Deck the halls with bows of holly fal la la lar la lar lar lar .Is the season to be fucked off being stuck in traffic jams galore when i have worked 11 hours and i can,t get home for christmas shopper.
God i,m the fuckin christmas grinch,Jack Skeleton on scrooge rolled into one lol .
I gotto admit i will bestow some advice after i got handed a leaflet a christmas checklist for christmas from Wallmart(south park haven,t killed this one yet).
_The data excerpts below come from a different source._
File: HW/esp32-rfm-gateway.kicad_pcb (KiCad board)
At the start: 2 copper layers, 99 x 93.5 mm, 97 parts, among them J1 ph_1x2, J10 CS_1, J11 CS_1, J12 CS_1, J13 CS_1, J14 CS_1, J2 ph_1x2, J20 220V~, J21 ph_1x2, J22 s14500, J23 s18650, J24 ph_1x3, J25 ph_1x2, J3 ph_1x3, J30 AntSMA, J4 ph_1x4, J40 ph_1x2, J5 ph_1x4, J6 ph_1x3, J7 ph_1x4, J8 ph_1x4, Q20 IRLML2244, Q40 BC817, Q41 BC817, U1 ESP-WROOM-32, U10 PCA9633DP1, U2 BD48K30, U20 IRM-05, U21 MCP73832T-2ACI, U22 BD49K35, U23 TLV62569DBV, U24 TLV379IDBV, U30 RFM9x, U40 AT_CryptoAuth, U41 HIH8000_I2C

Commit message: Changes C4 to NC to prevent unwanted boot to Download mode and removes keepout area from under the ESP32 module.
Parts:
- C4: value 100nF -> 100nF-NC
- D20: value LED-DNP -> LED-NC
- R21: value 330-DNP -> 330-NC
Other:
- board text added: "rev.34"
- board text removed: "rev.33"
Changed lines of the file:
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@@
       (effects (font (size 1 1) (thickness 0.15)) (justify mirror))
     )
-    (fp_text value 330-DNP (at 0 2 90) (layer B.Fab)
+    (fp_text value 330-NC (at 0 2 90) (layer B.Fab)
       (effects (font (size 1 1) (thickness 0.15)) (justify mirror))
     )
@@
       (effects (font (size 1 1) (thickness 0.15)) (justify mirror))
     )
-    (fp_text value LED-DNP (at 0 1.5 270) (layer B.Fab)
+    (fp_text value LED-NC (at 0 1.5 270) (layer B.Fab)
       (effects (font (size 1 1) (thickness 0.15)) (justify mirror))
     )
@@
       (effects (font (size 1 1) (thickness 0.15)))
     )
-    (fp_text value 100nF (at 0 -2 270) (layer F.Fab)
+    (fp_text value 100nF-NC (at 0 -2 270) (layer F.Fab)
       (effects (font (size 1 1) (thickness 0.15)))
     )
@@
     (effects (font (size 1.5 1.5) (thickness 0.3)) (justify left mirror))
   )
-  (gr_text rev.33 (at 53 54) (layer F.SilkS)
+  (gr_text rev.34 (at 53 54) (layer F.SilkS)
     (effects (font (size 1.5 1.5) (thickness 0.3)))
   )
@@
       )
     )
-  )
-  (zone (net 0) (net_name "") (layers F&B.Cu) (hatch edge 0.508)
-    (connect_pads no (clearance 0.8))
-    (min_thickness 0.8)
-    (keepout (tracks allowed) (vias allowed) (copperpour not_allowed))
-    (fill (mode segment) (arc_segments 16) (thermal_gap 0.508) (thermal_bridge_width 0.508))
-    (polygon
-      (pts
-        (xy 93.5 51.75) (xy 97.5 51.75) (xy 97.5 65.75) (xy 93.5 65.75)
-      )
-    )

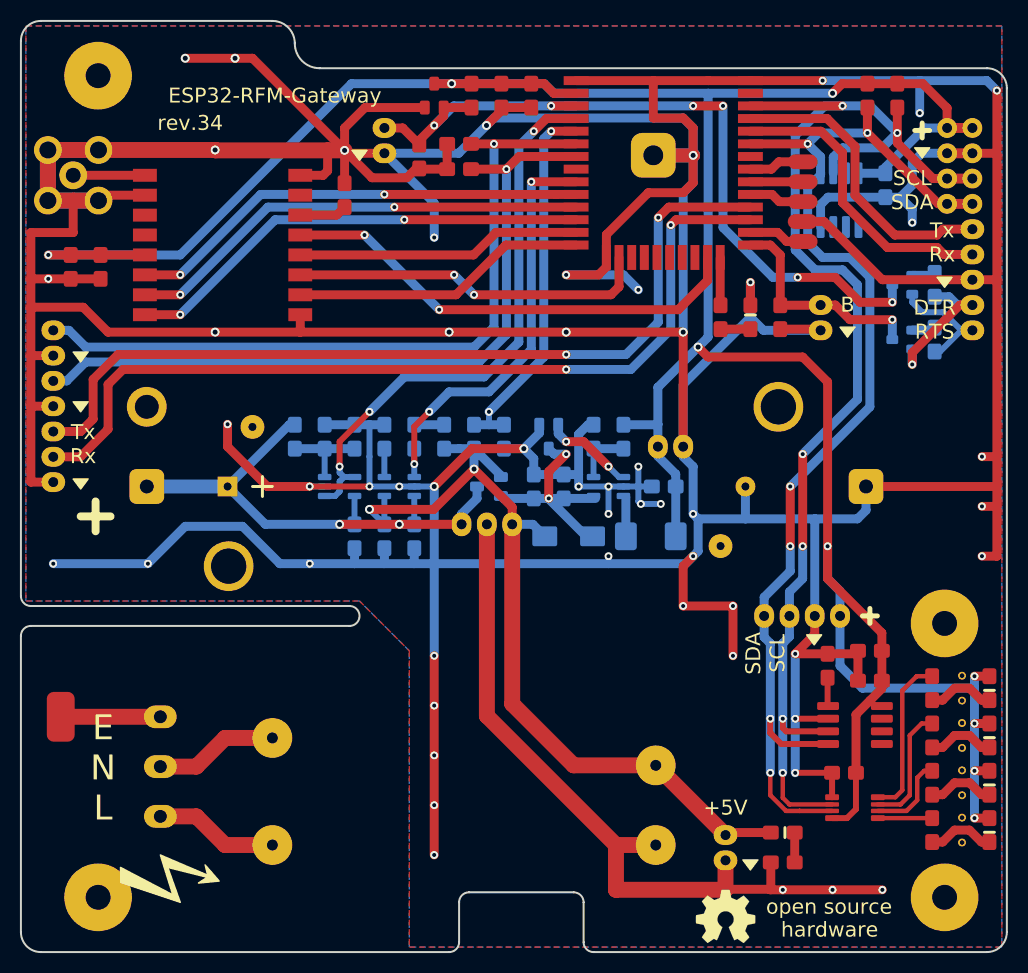
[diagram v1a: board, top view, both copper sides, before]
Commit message: Connects the LEDs straight to ESP32, removing the LED driver.
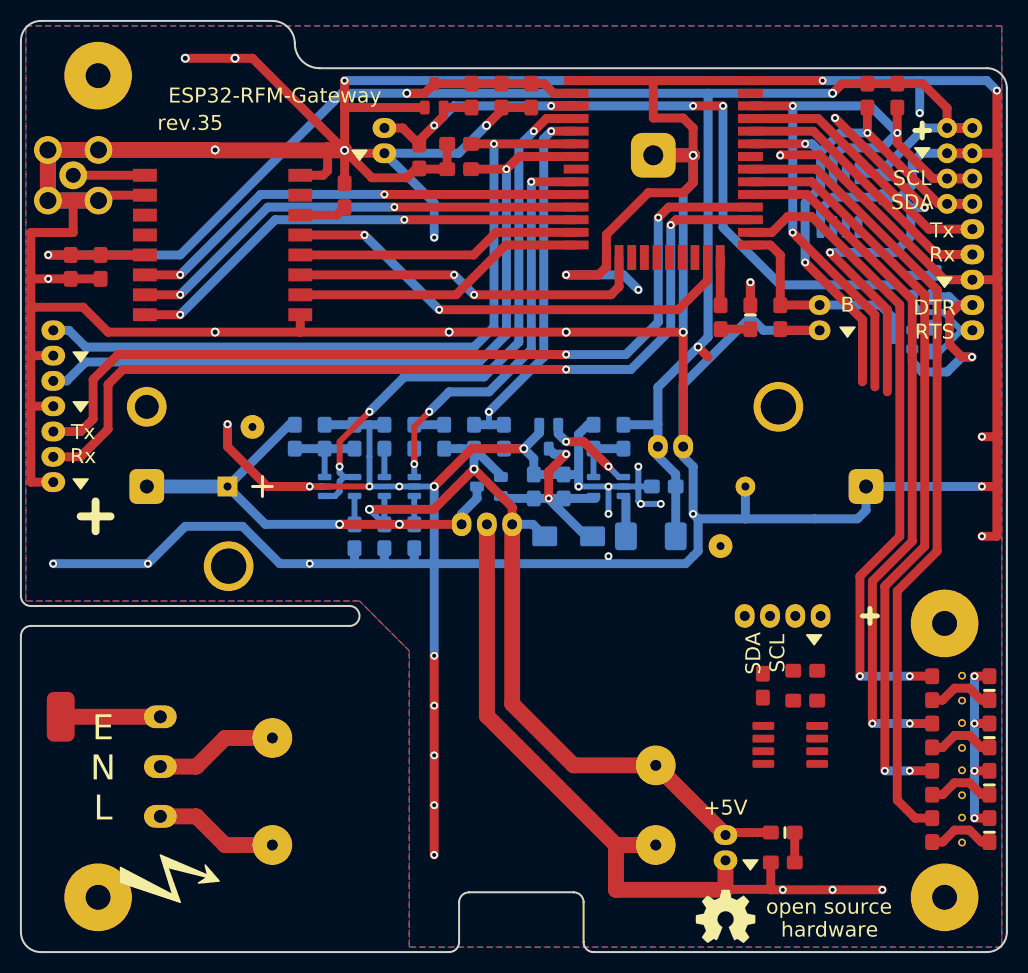
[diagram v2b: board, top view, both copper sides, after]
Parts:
- removed C10: 100nF, CalinGeneric:C0805HS
- removed C11: 4,7uF, CalinGeneric:C0805HS
- removed J10, J11, J12, J13, J14: CS_1, CalinConnectors:SMD_Pins_1x1
- removed U10: PCA9633DP1, CalinGeneric:TSSOP8-SOT505-1-HS
- added C43: 4,7uF, CalinGeneric:C0805HS, F.Cu at (114.8, 109.0)
- moved C41 6.80 mm to (110.5, 110.5)
- moved C42 6.80 mm to (114.8, 112.0)
- moved U41 6.80 mm to (113.2, 116.5)
- moved J8 1.95 mm to (116.3, 103.5)
- moved J2 0.10 mm to (116.2, 72.3)
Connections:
- R10 pad 2: Net-(R10-Pad2) -> /LED0
- R11 pad 2: Net-(R11-Pad2) -> /LED1
- R12 pad 2: Net-(R12-Pad2) -> /LED2
- R13 pad 2: Net-(R13-Pad2) -> /LED3
- U1 pad 26: /IO4 -> /LED3
- U1 pad 29: /IO5 -> /LED2
- U1 pad 30: /IO18 -> /LED1
- U1 pad 31: /IO19 -> /LED0
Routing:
- net +3V3: track 302.1 -> 214.0 mm, vias 9 -> 8
- net /LED0: track 0.00 -> 80.9 mm
- net /LED1: track 0.00 -> 76.4 mm, vias 0 -> 2
- net /LED2: track 0.00 -> 70.8 mm, vias 0 -> 2
- net /LED3: track 0.00 -> 65.5 mm, vias 0 -> 2
- net /SDA: track 118.1 -> 55.0 mm, vias 6 -> 3
- net /SCL: track 128.1 -> 69.1 mm, vias 6 -> 3
- net Net-(R13-Pad2): track 16.3 -> 0.00 mm
- net Net-(R12-Pad2): track 12.3 -> 0.00 mm
- net GND: track 926.0 -> 934.8 mm, vias 54 -> 51
- net Net-(R11-Pad2): track 8.44 -> 0.00 mm
- net /Additional Modules/DTR: track 14.9 -> 20.9 mm
- net /IO4: track 5.63 -> 0.00 mm
- net /IO19: track 5.55 -> 0.00 mm
- net /IO5: track 5.55 -> 0.00 mm
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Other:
- board text added: "rev.35"
- board text removed: "rev.34"

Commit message: Replaces the HIH8000 sensor with a HDC1080 sensor.
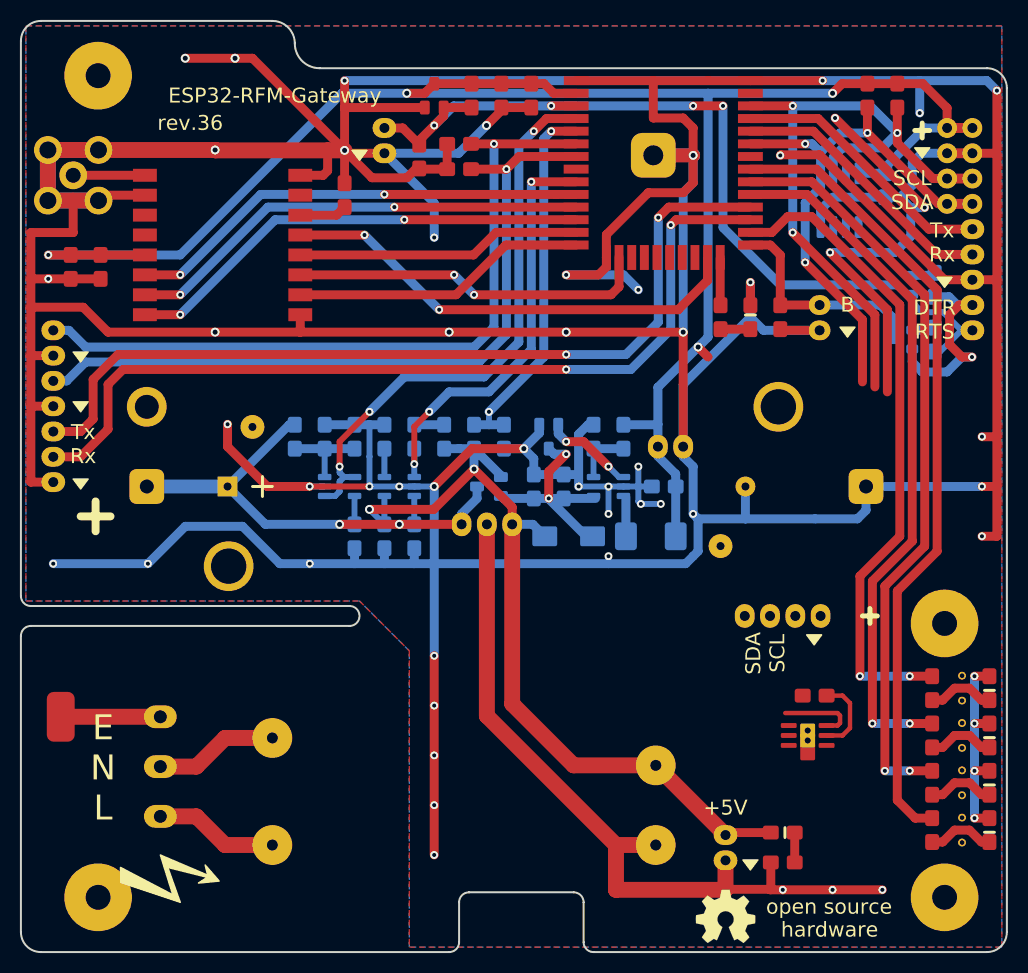
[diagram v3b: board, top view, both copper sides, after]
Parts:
- removed C42: 100nF, CalinGeneric:C0805HS
- removed C43: 4,7uF, CalinGeneric:C0805HS
- U41: value HIH8000_I2C -> HDC1080DMB; footprint CalinGeneric:SOIC-8-HS -> CalinGeneric:WSON6-TI-HDC-HS
- moved C41 5.30 mm to (115.7, 111.5), turned to 180 degrees
- moved U41 1.99 mm to (115.0, 115.5)
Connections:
- C41 pad 1: Net-(C41-Pad1) -> +3V3
- U41 pad 1: Net-(C41-Pad1) -> /SDA
- U41 pad 3: /SCL -> (no net)
- U41 pad 4: /SDA -> (no net)
- U41 pad 5: (no net) -> +3V3
- U41 pad 6: (no net) -> /SCL
- U41 pad 7: (no net) -> Net-(U41-Pad7)
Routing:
- net +3V3: track 214.0 -> 221.8 mm
- net /SCL: track 69.1 -> 76.9 mm
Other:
- board text added: "rev.36"
- board text removed: "rev.35"

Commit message: Extends the I2C connector J8 to have power pins on both side for extended compatibility with other modules.
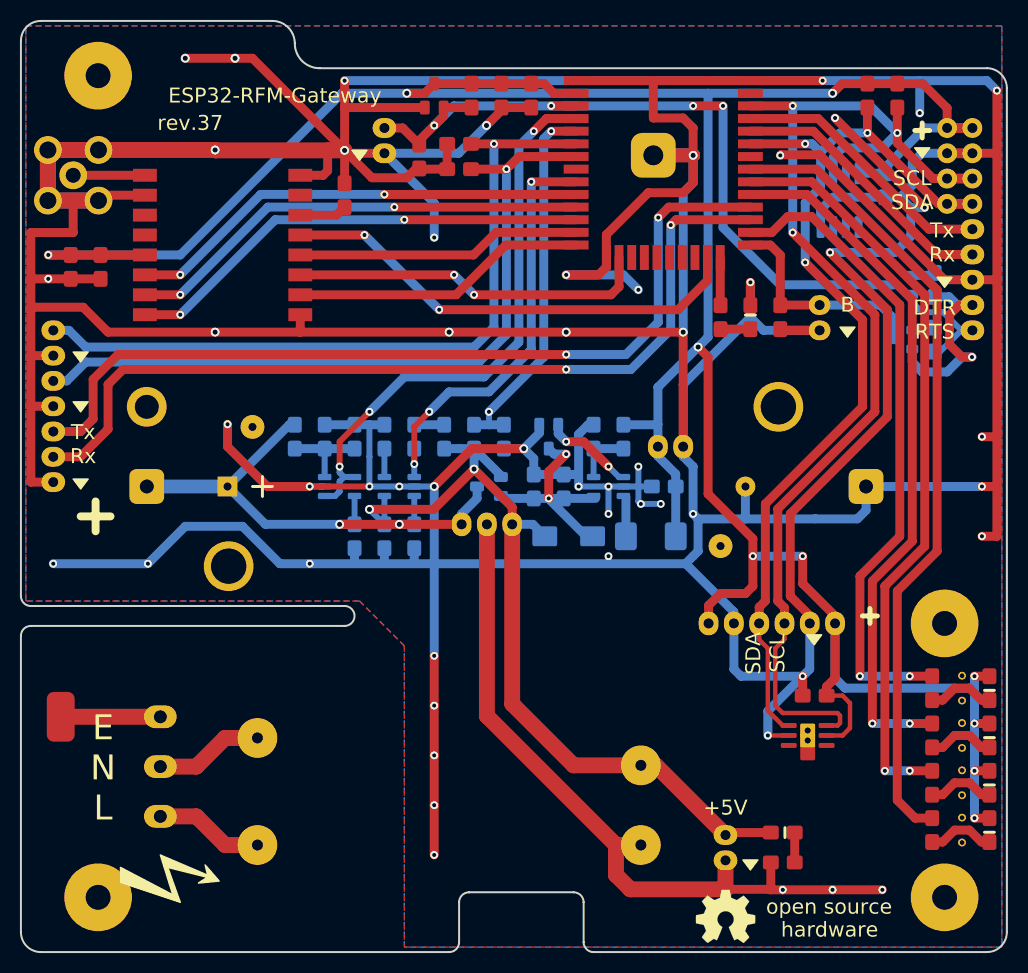
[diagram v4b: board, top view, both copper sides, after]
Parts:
- J8: value ph_1x4 -> ph_1x6; footprint CalinConnectors:Pin_Header_Straight_1x04 -> CalinConnectors:Pin_Header_Straight_1x06
- moved J8 1.63 mm to (117.8, 104.2)
- moved U20 1.50 mm to (79.0, 117.2)
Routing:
- net +3V3: track 221.8 -> 294.4 mm, vias 8 -> 10
- net GND: track 934.8 -> 997.4 mm, vias 51 -> 53
- net /SDA: track 55.0 -> 95.4 mm
- net /SCL: track 76.9 -> 115.0 mm
- net Net-(U41-Pad7): track 0.00 -> 2.15 mm
- net /Power Section/ACN: track 12.4 -> 10.9 mm
- net /Power Section/ACL: track 12.4 -> 10.9 mm
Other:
- outline, holes or cut-outs redrawn
- board text added: "rev.37"
- board text removed: "rev.36"

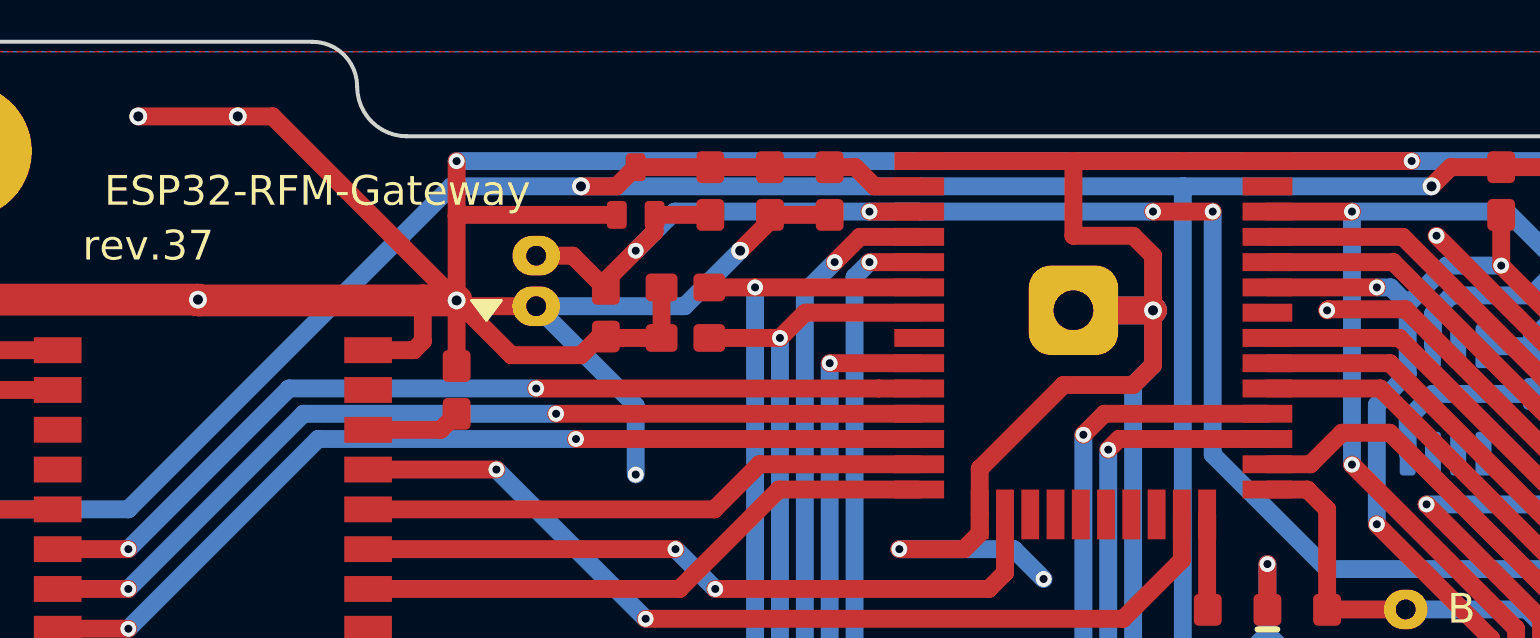
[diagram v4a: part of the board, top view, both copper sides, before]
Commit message: Improves component placement for ESP's power and reset circuitry
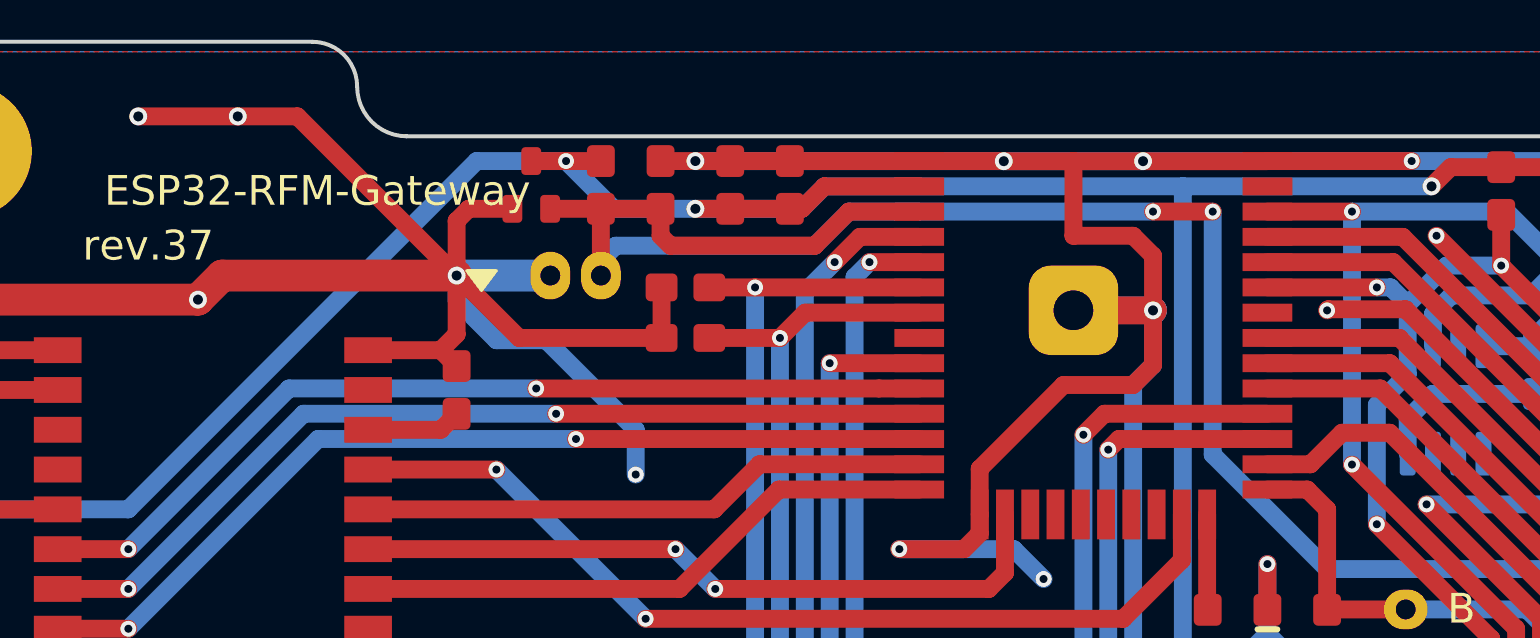
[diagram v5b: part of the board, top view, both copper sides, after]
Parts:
- moved C1 6.98 mm to (78.8, 50.9), turned to 90 degrees
- moved R1 5.51 mm to (75.8, 50.9)
- moved U2 5.26 mm to (72.2, 50.9)
- moved J1 3.40 mm to (75.8, 55.5), turned to 270 degrees
- moved C2 2.02 mm to (85.2, 50.9), turned to 90 degrees
- moved C3 2.02 mm to (82.2, 50.9), turned to 90 degrees
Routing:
- net GND: track 997.4 -> 977.8 mm, vias 53 -> 54
- net /Reset: track 75.6 -> 88.3 mm, vias 4 -> 2
- net +3V3: track 294.4 -> 293.8 mm, vias 10 -> 11

The list contained the following
sellotape(Thats the stuff that sticks together and thank fuck i only use once or twice a year to wrap presents up with!!!.
Christmas paper-durrrrrrrr as if i was gonna forget that!!
The usual paper plates,turkey,crackers etc etc etc
I have wrote my own christmas checklist
BUY FUCK ALL
GOTO PARENTS AND IN LAWS
EAT ALL THEIR FOOD
DRINK ALL THEIR BOOZE
HEY DON,T SPEND A THING.Wallmart fuck your list up your ASDA asshole!!!.
So i took my sister to cost co yesterday we had a great time i got caught by a women writng ANAL RAPIST on a whiteboard they had on display.My brother in law topped this by loading the trolley with 300 durex and 20 tubes of ky jelly getting some very funny looks.
I went back saw my nephew smelly pants and whooped his ass at darts hubba bubba but... the little get tired the bashster out so after the x factor last night i hit the hay very very early.
I had a awesome week back at work barking orders ,delivering classic one liners to fuckwit customers which include(the old,the weak,and women all that no fuck all about cars my classic quote to this womens plea for a car back for christmas was....i want beyonce knowles under my christmas try also but like your car it ain,t gonna happen.I women brought another car back for a brake light out at the rear when we did the front she argued the toss i ....well tossed her off lol hey hey i love my job for christmas i want a light saber to cut some of these dumb fuckers heads off that wanna tell me how to do my job lol.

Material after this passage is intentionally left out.